(Data section)
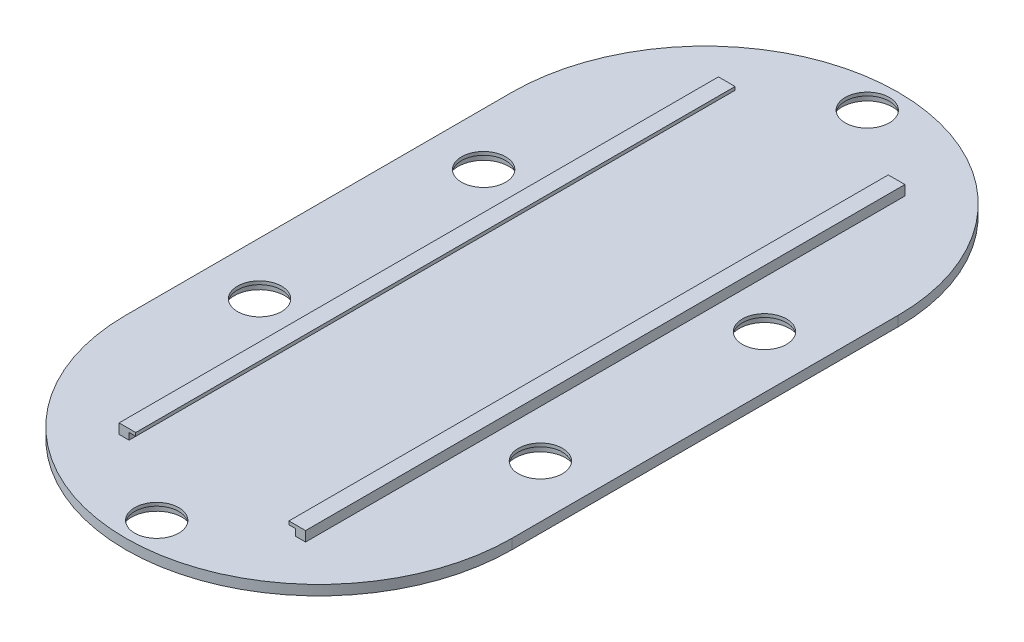
SolidWorks part; units mm, degrees
ref_plane "Front Plane" through (0, 0, 0) normal (0, 0, 1) x (1, 0, 0)
ref_plane "Top Plane" through (0, 0, 0) normal (0, 1, 0) x (1, 0, 0)
ref_plane "Right Plane" through (0, 0, 0) normal (1, 0, 0) x (0, 0, -1)
sketch "Sketch1" plane through (0, 0, 0) normal (0, 1, 0) x (1, 0, 0)
  line L0 (-1000, 0) -> (49000, 0) construction
  line L1 (58, -58) -> (58, 58)
  line L2 (-58, -58) -> (-58, 58)
  circle A0 centre (0, 58) radius 58 construction
  circle A1 centre (0, 106.6995) radius 6.625
  circle A2 centre (42.175, 33.6503) radius 6.625
  circle A3 centre (-42.175, 33.6503) radius 6.625
  circle A4 centre (-42.175, -33.6503) radius 6.625
  circle A5 centre (0, -106.6995) radius 6.625
  circle A6 centre (42.175, -33.6503) radius 6.625
  circle A7 centre (0, -58) radius 58 construction
  arc A8 (58, -58) -> (-58, -58) centre (0, -58) cw
  arc A9 (-58, 58) -> (58, 58) centre (0, 58) cw
  point P12 (0, 58)
  dimension "D1" = 116
  dimension "D2" = 13.25
  dimension "D4" = 84.35
  dimension "D3" = 3
extrude "Boss-Extrude1" add sketch "Sketch1" along normal blind 3
sketch "Sketch2" plane through (0, 0, 0) normal (0, -1, 0) x (1, 0, 0)
  circle A21 centre (42.175, -33.6503) radius 7.6
  circle A22 centre (-42.175, -33.6503) radius 7.6
  circle A23 centre (0, -106.6995) radius 7.6
  circle A24 centre (42.175, 33.6503) radius 7.6
  circle A25 centre (0, 106.6995) radius 7.6
  circle A26 centre (-42.175, 33.6503) radius 7.6
  dimension "D1" = 15.2
extrude "Cut-Extrude1" cut sketch "Sketch2" against normal blind 2
sketch "Sketch3" plane through (0, 0, 0) normal (0, 0, 1) x (1, 0, 0)
  line L0 (58, 3) -> (-58, 3) construction
  line L1 (-23, 5) -> (-25, 5)
  line L2 (28, 3) -> (28, 6)
  line L3 (28, 6) -> (23, 6)
  line L4 (23, 6) -> (23, 5)
  line L5 (23, 5) -> (25, 5)
  line L6 (25, 5) -> (25, 3)
  line L7 (0, 0) -> (0, 25.874) construction
  line L8 (25, 3) -> (28, 3)
  line L9 (-23, 6) -> (-23, 5)
  line L10 (-28, 6) -> (-23, 6)
  line L11 (-28, 3) -> (-28, 6)
  line L12 (-25, 3) -> (-28, 3)
  line L13 (-25, 5) -> (-25, 3)
  point P17 (26.2775, 3)
  dimension "D1" = 25
  dimension "D2" = 3
  dimension "D3" = 2
  dimension "D4" = 1
  dimension "D5" = 2
extrude "Boss-Extrude2" add sketch "Sketch3" along normal mid plane 180
(End Data section)
_Work task:_ Only those lines running from the one containing "line L3 (28, 6) -> (23, 6)" through the last line of the data above are to be copied, exactly, with both ends included.

_Response to this exercise:_
  line L3 (28, 6) -> (23, 6)
  line L4 (23, 6) -> (23, 5)
  line L5 (23, 5) -> (25, 5)
  line L6 (25, 5) -> (25, 3)
  line L7 (0, 0) -> (0, 25.874) construction
  line L8 (25, 3) -> (28, 3)
  line L9 (-23, 6) -> (-23, 5)
  line L10 (-28, 6) -> (-23, 6)
  line L11 (-28, 3) -> (-28, 6)
  line L12 (-25, 3) -> (-28, 3)
  line L13 (-25, 5) -> (-25, 3)
  point P17 (26.2775, 3)
  dimension "D1" = 25
  dimension "D2" = 3
  dimension "D3" = 2
  dimension "D4" = 1
  dimension "D5" = 2
extrude "Boss-Extrude2" add sketch "Sketch3" along normal mid plane 180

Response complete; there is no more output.